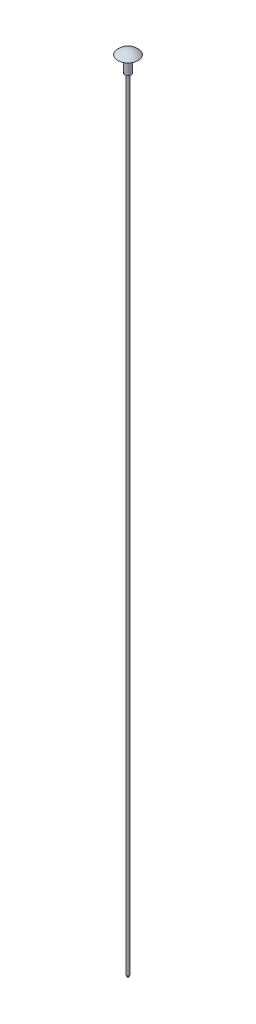
SolidWorks part; units mm, degrees
ref_plane "Front" through (0, 0, 0) normal (0, 0, 1) x (1, 0, 0)
ref_plane "Top" through (0, 0, 0) normal (0, 1, 0) x (1, 0, 0)
ref_plane "Right" through (0, 0, 0) normal (1, 0, 0) x (0, 0, -1)
sketch "Sketch1" plane through (0, 0, 0) normal (0, 0, 1) x (1, 0, 0)
  line L0 (-5, 1300) -> (-5, -1291.3397)
  line L1 (-5, -1291.3397) -> (0, -1300)
  line L2 (0, -1300) -> (0, 1300)
  line L3 (0, 1300) -> (-5, 1300) construction
  line L4 (0, 1300) -> (0, 47.9988) construction
  line L5 (0, -1300) -> (0, -1308.8652) construction
  line L6 (0, 1300) -> (0, 1535.0912) construction
  line L7 (-5, 1300) -> (-10.7784, 1300)
  line L8 (-10.7784, 1300) -> (-10.7784, 1352.8877)
  line L9 (-10.7784, 1352.8877) -> (-33.7761, 1352.8877)
  line L10 (0, 1367.4568) -> (0, 1300)
  arc A0 (-33.7761, 1352.8877) -> (0, 1367.4568) centre (0, 1321.0202) cw
  dimension "D1" = 2600
  dimension "D2" = 30
  dimension "D3" = 10
revolve "Revolve1" add sketch "Sketch1" angle 360 about L6
■ ■ ■ ■
Set down the data above verbatim, omitting every image.

SolidWorks part; units mm, degrees
ref_plane "Front" through (0, 0, 0) normal (0, 0, 1) x (1, 0, 0)
ref_plane "Top" through (0, 0, 0) normal (0, 1, 0) x (1, 0, 0)
ref_plane "Right" through (0, 0, 0) normal (1, 0, 0) x (0, 0, -1)
sketch "Sketch1" plane through (0, 0, 0) normal (0, 0, 1) x (1, 0, 0)
  line L0 (-5, 1300) -> (-5, -1291.3397)
  line L1 (-5, -1291.3397) -> (0, -1300)
  line L2 (0, -1300) -> (0, 1300)
  line L3 (0, 1300) -> (-5, 1300) construction
  line L4 (0, 1300) -> (0, 47.9988) construction
  line L5 (0, -1300) -> (0, -1308.8652) construction
  line L6 (0, 1300) -> (0, 1535.0912) construction
  line L7 (-5, 1300) -> (-10.7784, 1300)
  line L8 (-10.7784, 1300) -> (-10.7784, 1352.8877)
  line L9 (-10.7784, 1352.8877) -> (-33.7761, 1352.8877)
  line L10 (0, 1367.4568) -> (0, 1300)
  arc A0 (-33.7761, 1352.8877) -> (0, 1367.4568) centre (0, 1321.0202) cw
  dimension "D1" = 2600
  dimension "D2" = 30
  dimension "D3" = 10
revolve "Revolve1" add sketch "Sketch1" angle 360 about L6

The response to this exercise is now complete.